Falco on Kubernetes is more than just a security tool; it’s a real-time threat detection engine that uses system call data to identify anomalous behavior.
Let’s get Falco running on your Kubernetes cluster.
First, ensure you have kubectl configured to talk to your cluster and a recent version of Helm installed. This guide assumes a standard Kubernetes setup.
Here’s the command to add the Falco Helm repository:
helm repo add falcosecurity https://falcosecurity.github.io/charts
helm repo update
This makes the Falco Helm chart available for installation.
Now, let’s install Falco using Helm. We’ll start with a basic configuration.
helm install falco falcosecurity/falco --namespace falco --create-namespace
This command installs Falco into a dedicated falco namespace. It will deploy a DaemonSet, ensuring a Falco instance runs on each node in your cluster.
To verify the installation, check the status of the Falco pods:
kubectl get pods -n falco
You should see one or more pods in a Running state, one for each node.
NAME READY STATUS RESTARTS AGE
falco-abcde 1/1 Running 0 2m
falco-fghij 1/1 Running 0 2m
The output confirms that Falco is up and running on your nodes.
Falco works by capturing and analyzing system calls. On Kubernetes, it runs as a DaemonSet, meaning a Falco agent pod is scheduled on every node. Each agent monitors the system calls originating from containers running on that node.
The core of Falco’s detection is its rules engine. These rules are defined in YAML files and specify patterns of system calls and other kernel events that might indicate malicious activity. For example, a rule might trigger if a shell process is spawned inside a container, or if a process attempts to write to sensitive system directories.
Let’s explore a bit more about the configuration. You can customize Falco’s behavior by passing values to the Helm chart. For instance, to enable the json output format for logs, which is useful for programmatic parsing:
helm install falco falcosecurity/falco \
--namespace falco \
--create-namespace \
--set falco.jsonOutput=true
This change modifies the Falco configuration to emit logs in JSON format, making them easier to integrate with log aggregation systems.
The most surprising thing about Falco’s detection mechanism is its ability to correlate events across different system calls and even across different processes on the same node, all in real-time, without relying solely on network traffic or application logs. It’s looking at the fundamental interactions between processes and the operating system kernel.
Here’s how you can retrieve Falco logs to see the detections:
kubectl logs -n falco -l app.kubernetes.io/name=falco -f
When Falco detects a suspicious event, it will output a message.

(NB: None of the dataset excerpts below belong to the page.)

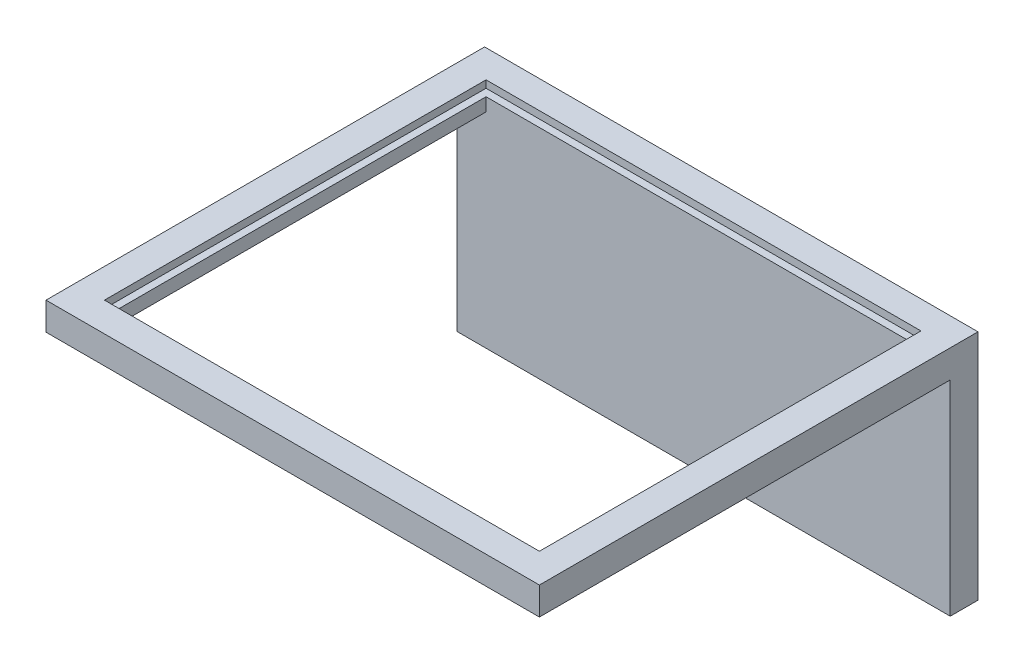
ISO-10303-21;
HEADER;
FILE_DESCRIPTION(('STEP AP214'),'2;1');
FILE_NAME('part.step','',(''),(''),'','','');
FILE_SCHEMA(('AUTOMOTIVE_DESIGN { 1 0 10303 214 1 1 1 1 }'));
ENDSEC;
DATA;
#1=APPLICATION_CONTEXT('core data for automotive mechanical design processes');
#2=APPLICATION_PROTOCOL_DEFINITION('international standard','automotive_design',2000,#1);
#3=PRODUCT_CONTEXT('',#1,'mechanical');
#4=PRODUCT('Part','Part','',(#3));
#5=PRODUCT_RELATED_PRODUCT_CATEGORY('part','',(#4));
#6=PRODUCT_DEFINITION_FORMATION('','',#4);
#7=PRODUCT_DEFINITION_CONTEXT('part definition',#1,'design');
#8=PRODUCT_DEFINITION('design','',#6,#7);
#9=PRODUCT_DEFINITION_SHAPE('','',#8);
#10=(LENGTH_UNIT() NAMED_UNIT(*) SI_UNIT(.MILLI.,.METRE.));
#11=(NAMED_UNIT(*) PLANE_ANGLE_UNIT() SI_UNIT($,.RADIAN.));
#12=(NAMED_UNIT(*) SI_UNIT($,.STERADIAN.) SOLID_ANGLE_UNIT());
#13=UNCERTAINTY_MEASURE_WITH_UNIT(LENGTH_MEASURE(1.E-05),#10,'distance_accuracy_value','');
#14=(GEOMETRIC_REPRESENTATION_CONTEXT(3) GLOBAL_UNCERTAINTY_ASSIGNED_CONTEXT((#13)) GLOBAL_UNIT_ASSIGNED_CONTEXT((#10,
#11,#12)) REPRESENTATION_CONTEXT('',''));
#15=CARTESIAN_POINT('',(0.,0.,0.));
#16=DIRECTION('',(0.,0.,1.));
#17=DIRECTION('',(1.,0.,0.));
#18=AXIS2_PLACEMENT_3D('',#15,#16,#17);
#19=CARTESIAN_POINT('',(0.,0.,1.9));
#20=DIRECTION('',(0.,0.,-1.));
#21=DIRECTION('',(-1.,0.,0.));
#22=AXIS2_PLACEMENT_3D('',#19,#20,#21);
#23=PLANE('',#22);
#24=DIRECTION('',(1.,0.,0.));
#25=VECTOR('',#24,1.);
#26=CARTESIAN_POINT('',(0.,14.9,1.9));
#27=LINE('',#26,#25);
#28=CARTESIAN_POINT('',(2.,14.9,1.9));
#29=VERTEX_POINT('',#28);
#30=CARTESIAN_POINT('',(31.75,14.9,1.9));
#31=VERTEX_POINT('',#30);
#32=EDGE_CURVE('E239',#29,#31,#27,.T.);
#33=ORIENTED_EDGE('',*,*,#32,.F.);
#34=DIRECTION('',(0.,-1.,0.));
#35=VECTOR('',#34,1.);
#36=CARTESIAN_POINT('',(2.,15.9,1.9));
#37=LINE('',#36,#35);
#38=CARTESIAN_POINT('',(2.,14.,1.9));
#39=VERTEX_POINT('',#38);
#40=EDGE_CURVE('E283',#29,#39,#37,.T.);
#41=ORIENTED_EDGE('',*,*,#40,.T.);
#42=DIRECTION('',(-1.,0.,0.));
#43=VECTOR('',#42,1.);
#44=CARTESIAN_POINT('',(0.,14.,1.9));
#45=LINE('',#44,#43);
#46=CARTESIAN_POINT('',(0.,14.,1.9));
#47=VERTEX_POINT('',#46);
#48=EDGE_CURVE('E310',#39,#47,#45,.T.);
#49=ORIENTED_EDGE('',*,*,#48,.T.);
#50=DIRECTION('',(0.,-1.,0.));
#51=VECTOR('',#50,1.);
#52=CARTESIAN_POINT('',(0.,0.,1.9));
#53=LINE('',#52,#51);
#54=CARTESIAN_POINT('',(0.,0.,1.9));
#55=VERTEX_POINT('',#54);
#56=EDGE_CURVE('E301',#47,#55,#53,.T.);
#57=ORIENTED_EDGE('',*,*,#56,.T.);
#58=DIRECTION('',(1.,0.,0.));
#59=VECTOR('',#58,1.);
#60=CARTESIAN_POINT('',(0.,0.,1.9));
#61=LINE('',#60,#59);
#62=CARTESIAN_POINT('',(33.75,0.,1.9));
#63=VERTEX_POINT('',#62);
#64=EDGE_CURVE('E304',#55,#63,#61,.T.);
#65=ORIENTED_EDGE('',*,*,#64,.T.);
#66=DIRECTION('',(0.,1.,0.));
#67=VECTOR('',#66,1.);
#68=CARTESIAN_POINT('',(33.75,0.,1.9));
#69=LINE('',#68,#67);
#70=CARTESIAN_POINT('',(33.75,14.,1.9));
#71=VERTEX_POINT('',#70);
#72=EDGE_CURVE('E307',#63,#71,#69,.T.);
#73=ORIENTED_EDGE('',*,*,#72,.T.);
#74=CARTESIAN_POINT('',(31.75,14.,1.9));
#75=VERTEX_POINT('',#74);
#76=EDGE_CURVE('E311',#71,#75,#45,.T.);
#77=ORIENTED_EDGE('',*,*,#76,.T.);
#78=DIRECTION('',(0.,-1.,0.));
#79=VECTOR('',#78,1.);
#80=CARTESIAN_POINT('',(31.75,15.9,1.9));
#81=LINE('',#80,#79);
#82=EDGE_CURVE('E291',#31,#75,#81,.T.);
#83=ORIENTED_EDGE('',*,*,#82,.F.);
#84=EDGE_LOOP('',(#33,#41,#49,#57,#65,#73,#77,#83));
#85=FACE_BOUND('',#84,.T.);
#86=ADVANCED_FACE('F43',(#85),#23,.F.);
#87=CARTESIAN_POINT('',(0.,0.,0.));
#88=DIRECTION('',(0.,0.,-1.));
#89=DIRECTION('',(-1.,0.,0.));
#90=AXIS2_PLACEMENT_3D('',#87,#88,#89);
#91=PLANE('',#90);
#92=DIRECTION('',(1.,0.,0.));
#93=VECTOR('',#92,1.);
#94=CARTESIAN_POINT('',(0.,14.6,0.));
#95=LINE('',#94,#93);
#96=CARTESIAN_POINT('',(0.699999999999999,14.6,0.));
#97=VERTEX_POINT('',#96);
#98=CARTESIAN_POINT('',(33.05,14.6,0.));
#99=VERTEX_POINT('',#98);
#100=EDGE_CURVE('E343',#97,#99,#95,.T.);
#101=ORIENTED_EDGE('',*,*,#100,.T.);
#102=DIRECTION('',(0.,1.,0.));
#103=VECTOR('',#102,1.);
#104=CARTESIAN_POINT('',(33.05,15.4,0.));
#105=LINE('',#104,#103);
#106=CARTESIAN_POINT('',(33.05,15.7,0.));
#107=VERTEX_POINT('',#106);
#108=EDGE_CURVE('E348',#99,#107,#105,.T.);
#109=ORIENTED_EDGE('',*,*,#108,.T.);
#110=DIRECTION('',(-1.,0.,0.));
#111=VECTOR('',#110,1.);
#112=CARTESIAN_POINT('',(1.,15.7,0.));
#113=LINE('',#112,#111);
#114=CARTESIAN_POINT('',(0.699999999999999,15.7,0.));
#115=VERTEX_POINT('',#114);
#116=EDGE_CURVE('E68',#107,#115,#113,.T.);
#117=ORIENTED_EDGE('',*,*,#116,.T.);
#118=DIRECTION('',(0.,-1.,0.));
#119=VECTOR('',#118,1.);
#120=CARTESIAN_POINT('',(0.699999999999999,14.9,0.));
#121=LINE('',#120,#119);
#122=EDGE_CURVE('E345',#115,#97,#121,.T.);
#123=ORIENTED_EDGE('',*,*,#122,.T.);
#124=EDGE_LOOP('',(#101,#109,#117,#123));
#125=FACE_BOUND('',#124,.T.);
#126=DIRECTION('',(0.,-1.,0.));
#127=VECTOR('',#126,1.);
#128=CARTESIAN_POINT('',(0.,0.,0.));
#129=LINE('',#128,#127);
#130=CARTESIAN_POINT('',(0.,15.9,0.));
#131=VERTEX_POINT('',#130);
#132=CARTESIAN_POINT('',(0.,0.,0.));
#133=VERTEX_POINT('',#132);
#134=EDGE_CURVE('E295',#131,#133,#129,.T.);
#135=ORIENTED_EDGE('',*,*,#134,.F.);
#136=DIRECTION('',(-1.,0.,0.));
#137=VECTOR('',#136,1.);
#138=CARTESIAN_POINT('',(0.,15.9,0.));
#139=LINE('',#138,#137);
#140=CARTESIAN_POINT('',(33.75,15.9,0.));
#141=VERTEX_POINT('',#140);
#142=EDGE_CURVE('E245',#141,#131,#139,.T.);
#143=ORIENTED_EDGE('',*,*,#142,.F.);
#144=DIRECTION('',(0.,1.,0.));
#145=VECTOR('',#144,1.);
#146=CARTESIAN_POINT('',(33.75,0.,0.));
#147=LINE('',#146,#145);
#148=CARTESIAN_POINT('',(33.75,0.,0.));
#149=VERTEX_POINT('',#148);
#150=EDGE_CURVE('E305',#149,#141,#147,.T.);
#151=ORIENTED_EDGE('',*,*,#150,.F.);
#152=DIRECTION('',(1.,0.,0.));
#153=VECTOR('',#152,1.);
#154=CARTESIAN_POINT('',(0.,0.,0.));
#155=LINE('',#154,#153);
#156=EDGE_CURVE('E317',#133,#149,#155,.T.);
#157=ORIENTED_EDGE('',*,*,#156,.F.);
#158=EDGE_LOOP('',(#135,#143,#151,#157));
#159=FACE_BOUND('',#158,.T.);
#160=ADVANCED_FACE('F383',(#125,#159),#91,.T.);
#161=CARTESIAN_POINT('',(31.75,15.9,0.));
#162=DIRECTION('',(1.,0.,0.));
#163=DIRECTION('',(0.,0.,-1.));
#164=AXIS2_PLACEMENT_3D('',#161,#162,#163);
#165=PLANE('',#164);
#166=DIRECTION('',(0.,0.,1.));
#167=VECTOR('',#166,1.);
#168=CARTESIAN_POINT('',(31.75,14.9,0.));
#169=LINE('',#168,#167);
#170=CARTESIAN_POINT('',(31.75,14.9,28.3));
#171=VERTEX_POINT('',#170);
#172=EDGE_CURVE('E237',#31,#171,#169,.T.);
#173=ORIENTED_EDGE('',*,*,#172,.F.);
#174=ORIENTED_EDGE('',*,*,#82,.T.);
#175=DIRECTION('',(0.,0.,1.));
#176=VECTOR('',#175,1.);
#177=CARTESIAN_POINT('',(31.75,14.,0.));
#178=LINE('',#177,#176);
#179=CARTESIAN_POINT('',(31.75,14.,28.));
#180=VERTEX_POINT('',#179);
#181=EDGE_CURVE('E271',#75,#180,#178,.T.);
#182=ORIENTED_EDGE('',*,*,#181,.T.);
#183=DIRECTION('',(0.,-1.,0.));
#184=VECTOR('',#183,1.);
#185=CARTESIAN_POINT('',(31.75,15.9,28.));
#186=LINE('',#185,#184);
#187=CARTESIAN_POINT('',(31.75,14.6,28.));
#188=VERTEX_POINT('',#187);
#189=EDGE_CURVE('E287',#188,#180,#186,.T.);
#190=ORIENTED_EDGE('',*,*,#189,.F.);
#191=DIRECTION('',(0.,-0.707106781186547,-0.707106781186547));
#192=VECTOR('',#191,1.);
#193=CARTESIAN_POINT('',(31.75,1.24999999999999,14.65));
#194=LINE('',#193,#192);
#195=EDGE_CURVE('E355',#188,#171,#194,.F.);
#196=ORIENTED_EDGE('',*,*,#195,.T.);
#197=EDGE_LOOP('',(#173,#174,#182,#190,#196));
#198=FACE_BOUND('',#197,.T.);
#199=ADVANCED_FACE('F386',(#198),#165,.F.);
#200=CARTESIAN_POINT('',(0.,15.9,28.));
#201=DIRECTION('',(0.,0.,-1.));
#202=DIRECTION('',(-1.,0.,0.));
#203=AXIS2_PLACEMENT_3D('',#200,#201,#202);
#204=PLANE('',#203);
#205=DIRECTION('',(0.,-1.,0.));
#206=VECTOR('',#205,1.);
#207=CARTESIAN_POINT('',(2.,15.9,28.));
#208=LINE('',#207,#206);
#209=CARTESIAN_POINT('',(2.,14.6,28.));
#210=VERTEX_POINT('',#209);
#211=CARTESIAN_POINT('',(2.,14.,28.));
#212=VERTEX_POINT('',#211);
#213=EDGE_CURVE('E282',#210,#212,#208,.T.);
#214=ORIENTED_EDGE('',*,*,#213,.F.);
#215=DIRECTION('',(1.,0.,0.));
#216=VECTOR('',#215,1.);
#217=CARTESIAN_POINT('',(0.,14.6,28.));
#218=LINE('',#217,#216);
#219=EDGE_CURVE('E329',#210,#188,#218,.T.);
#220=ORIENTED_EDGE('',*,*,#219,.T.);
#221=ORIENTED_EDGE('',*,*,#189,.T.);
#222=DIRECTION('',(1.,0.,0.));
#223=VECTOR('',#222,1.);
#224=CARTESIAN_POINT('',(0.,14.,28.));
#225=LINE('',#224,#223);
#226=EDGE_CURVE('E274',#212,#180,#225,.T.);
#227=ORIENTED_EDGE('',*,*,#226,.F.);
#228=EDGE_LOOP('',(#214,#220,#221,#227));
#229=FACE_BOUND('',#228,.T.);
#230=ADVANCED_FACE('F427',(#229),#204,.T.);
#231=CARTESIAN_POINT('',(2.,15.9,0.));
#232=DIRECTION('',(1.,0.,0.));
#233=DIRECTION('',(0.,0.,-1.));
#234=AXIS2_PLACEMENT_3D('',#231,#232,#233);
#235=PLANE('',#234);
#236=ORIENTED_EDGE('',*,*,#40,.F.);
#237=DIRECTION('',(0.,0.,1.));
#238=VECTOR('',#237,1.);
#239=CARTESIAN_POINT('',(2.,14.9,0.));
#240=LINE('',#239,#238);
#241=CARTESIAN_POINT('',(2.,14.9,28.3));
#242=VERTEX_POINT('',#241);
#243=EDGE_CURVE('E327',#29,#242,#240,.T.);
#244=ORIENTED_EDGE('',*,*,#243,.T.);
#245=DIRECTION('',(0.,0.707106781186547,0.707106781186547));
#246=VECTOR('',#245,1.);
#247=CARTESIAN_POINT('',(2.,14.6,28.));
#248=LINE('',#247,#246);
#249=EDGE_CURVE('E358',#242,#210,#248,.F.);
#250=ORIENTED_EDGE('',*,*,#249,.T.);
#251=ORIENTED_EDGE('',*,*,#213,.T.);
#252=DIRECTION('',(0.,0.,1.));
#253=VECTOR('',#252,1.);
#254=CARTESIAN_POINT('',(2.,14.,0.));
#255=LINE('',#254,#253);
#256=EDGE_CURVE('E246',#39,#212,#255,.T.);
#257=ORIENTED_EDGE('',*,*,#256,.F.);
#258=EDGE_LOOP('',(#236,#244,#250,#251,#257));
#259=FACE_BOUND('',#258,.T.);
#260=ADVANCED_FACE('F421',(#259),#235,.T.);
#261=CARTESIAN_POINT('',(0.,0.,1.9));
#262=DIRECTION('',(1.,0.,0.));
#263=DIRECTION('',(0.,1.,0.));
#264=AXIS2_PLACEMENT_3D('',#261,#262,#263);
#265=PLANE('',#264);
#266=ORIENTED_EDGE('',*,*,#134,.T.);
#267=DIRECTION('',(0.,0.,-1.));
#268=VECTOR('',#267,1.);
#269=CARTESIAN_POINT('',(0.,0.,1.9));
#270=LINE('',#269,#268);
#271=EDGE_CURVE('E322',#55,#133,#270,.T.);
#272=ORIENTED_EDGE('',*,*,#271,.F.);
#273=ORIENTED_EDGE('',*,*,#56,.F.);
#274=DIRECTION('',(0.,0.,1.));
#275=VECTOR('',#274,1.);
#276=CARTESIAN_POINT('',(0.,14.,0.));
#277=LINE('',#276,#275);
#278=CARTESIAN_POINT('',(0.,14.,30.));
#279=VERTEX_POINT('',#278);
#280=EDGE_CURVE('E266',#47,#279,#277,.T.);
#281=ORIENTED_EDGE('',*,*,#280,.T.);
#282=DIRECTION('',(0.,-1.,0.));
#283=VECTOR('',#282,1.);
#284=CARTESIAN_POINT('',(0.,15.9,30.));
#285=LINE('',#284,#283);
#286=CARTESIAN_POINT('',(0.,15.9,30.));
#287=VERTEX_POINT('',#286);
#288=EDGE_CURVE('E298',#287,#279,#285,.T.);
#289=ORIENTED_EDGE('',*,*,#288,.F.);
#290=DIRECTION('',(0.,0.,1.));
#291=VECTOR('',#290,1.);
#292=CARTESIAN_POINT('',(0.,15.9,0.));
#293=LINE('',#292,#291);
#294=EDGE_CURVE('E249',#131,#287,#293,.T.);
#295=ORIENTED_EDGE('',*,*,#294,.F.);
#296=EDGE_LOOP('',(#266,#272,#273,#281,#289,#295));
#297=FACE_BOUND('',#296,.T.);
#298=ADVANCED_FACE('F398',(#297),#265,.F.);
#299=CARTESIAN_POINT('',(0.,0.,1.9));
#300=DIRECTION('',(0.,1.,0.));
#301=DIRECTION('',(0.,0.,1.));
#302=AXIS2_PLACEMENT_3D('',#299,#300,#301);
#303=PLANE('',#302);
#304=ORIENTED_EDGE('',*,*,#156,.T.);
#305=DIRECTION('',(0.,0.,-1.));
#306=VECTOR('',#305,1.);
#307=CARTESIAN_POINT('',(33.75,0.,1.9));
#308=LINE('',#307,#306);
#309=EDGE_CURVE('E314',#63,#149,#308,.T.);
#310=ORIENTED_EDGE('',*,*,#309,.F.);
#311=ORIENTED_EDGE('',*,*,#64,.F.);
#312=ORIENTED_EDGE('',*,*,#271,.T.);
#313=EDGE_LOOP('',(#304,#310,#311,#312));
#314=FACE_BOUND('',#313,.T.);
#315=ADVANCED_FACE('F411',(#314),#303,.F.);
#316=CARTESIAN_POINT('',(33.75,0.,1.9));
#317=DIRECTION('',(-1.,0.,0.));
#318=DIRECTION('',(0.,-1.,0.));
#319=AXIS2_PLACEMENT_3D('',#316,#317,#318);
#320=PLANE('',#319);
#321=ORIENTED_EDGE('',*,*,#150,.T.);
#322=DIRECTION('',(0.,0.,1.));
#323=VECTOR('',#322,1.);
#324=CARTESIAN_POINT('',(33.75,15.9,0.));
#325=LINE('',#324,#323);
#326=CARTESIAN_POINT('',(33.75,15.9,30.));
#327=VERTEX_POINT('',#326);
#328=EDGE_CURVE('E242',#141,#327,#325,.T.);
#329=ORIENTED_EDGE('',*,*,#328,.T.);
#330=DIRECTION('',(0.,-1.,0.));
#331=VECTOR('',#330,1.);
#332=CARTESIAN_POINT('',(33.75,15.9,30.));
#333=LINE('',#332,#331);
#334=CARTESIAN_POINT('',(33.75,14.,30.));
#335=VERTEX_POINT('',#334);
#336=EDGE_CURVE('E264',#327,#335,#333,.T.);
#337=ORIENTED_EDGE('',*,*,#336,.T.);
#338=DIRECTION('',(0.,0.,1.));
#339=VECTOR('',#338,1.);
#340=CARTESIAN_POINT('',(33.75,14.,0.));
#341=LINE('',#340,#339);
#342=EDGE_CURVE('E241',#71,#335,#341,.T.);
#343=ORIENTED_EDGE('',*,*,#342,.F.);
#344=ORIENTED_EDGE('',*,*,#72,.F.);
#345=ORIENTED_EDGE('',*,*,#309,.T.);
#346=EDGE_LOOP('',(#321,#329,#337,#343,#344,#345));
#347=FACE_BOUND('',#346,.T.);
#348=ADVANCED_FACE('F407',(#347),#320,.F.);
#349=CARTESIAN_POINT('',(2.,15.9,1.9));
#350=VERTEX_POINT('',#349);
#351=CARTESIAN_POINT('',(2.,15.4,1.9));
#352=VERTEX_POINT('',#351);
#353=EDGE_CURVE('E279',#350,#352,#37,.T.);
#354=ORIENTED_EDGE('',*,*,#353,.T.);
#355=DIRECTION('',(1.,0.,0.));
#356=VECTOR('',#355,1.);
#357=CARTESIAN_POINT('',(0.,15.4,1.9));
#358=LINE('',#357,#356);
#359=CARTESIAN_POINT('',(31.75,15.4,1.9));
#360=VERTEX_POINT('',#359);
#361=EDGE_CURVE('E234',#352,#360,#358,.T.);
#362=ORIENTED_EDGE('',*,*,#361,.T.);
#363=CARTESIAN_POINT('',(31.75,15.9,1.9));
#364=VERTEX_POINT('',#363);
#365=EDGE_CURVE('E292',#364,#360,#81,.T.);
#366=ORIENTED_EDGE('',*,*,#365,.F.);
#367=DIRECTION('',(1.,0.,0.));
#368=VECTOR('',#367,1.);
#369=CARTESIAN_POINT('',(0.,15.9,1.9));
#370=LINE('',#369,#368);
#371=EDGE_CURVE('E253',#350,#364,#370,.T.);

For example, you might see something like this:
{"@timestamp":"2023-10-27T10:30:00.123456789Z","output":"10:30:00.123456789: Evicted container (id=...) from node ...","priority":"WARNING","rule":"Evicted container","time_since_`: `0.000000000","nodename":"your-node-name","container.id":"your-container-id","container.name":"your-container-name","proc.name":"containerd","proc.cmdline":"...","proc.ppid":"...","proc.pid":"...","user.name":"root","fd.name":"/var/lib/docker/overlay2/...","fd.type":"file","evt.type":"open","evt.args":"...","container.runtime":"docker","container.image":"...","k8s.pod.name":"your-pod-name","k8s.namespace.name":"your-namespace","k8s.node.name":"your-node-name","k8s.pod.uid":"...","k8s.container.name":"your-container-name","k8s.container.id":"...","k8s.deployment.name":"your-deployment-name","k8s.replicaset.name":"your-replicaset-name","k8s.statefulset.name":"your-statefulset-name"}
This specific log entry indicates that a container was evicted, a common Kubernetes event that Falco can flag.
The real power of Falco lies in its extensibility. You can write custom rules to detect specific threats relevant to your applications. The rules are written in a DSL that allows you to define conditions based on system call arguments, process names, user IDs, and even Kubernetes metadata like pod names and namespaces.
For instance, if you wanted to alert on any attempt to execute sh or bash within a specific application’s pods, you could define a custom rule. This rule would look for the execve syscall, check if the executable name is sh or bash, and then filter by the k8s.deployment.name or k8s.pod.name to scope it to your application.
One of the less obvious aspects of Falco’s operation is how it handles the kernel module versus eBPF. While a kernel module provides the most direct access to system calls, eBPF (extended Berkeley Packet Filter) offers a more robust and secure alternative. Modern Falco installations often default to using eBPF, which runs in a sandboxed environment within the kernel, reducing the risk of kernel panics and simplifying deployment across different kernel versions. The eBPF probe is loaded into the kernel and hooks into specific syscall entry points to capture the necessary data.
The next step in mastering Falco is understanding its rich rule set and how to tailor it for your specific environment.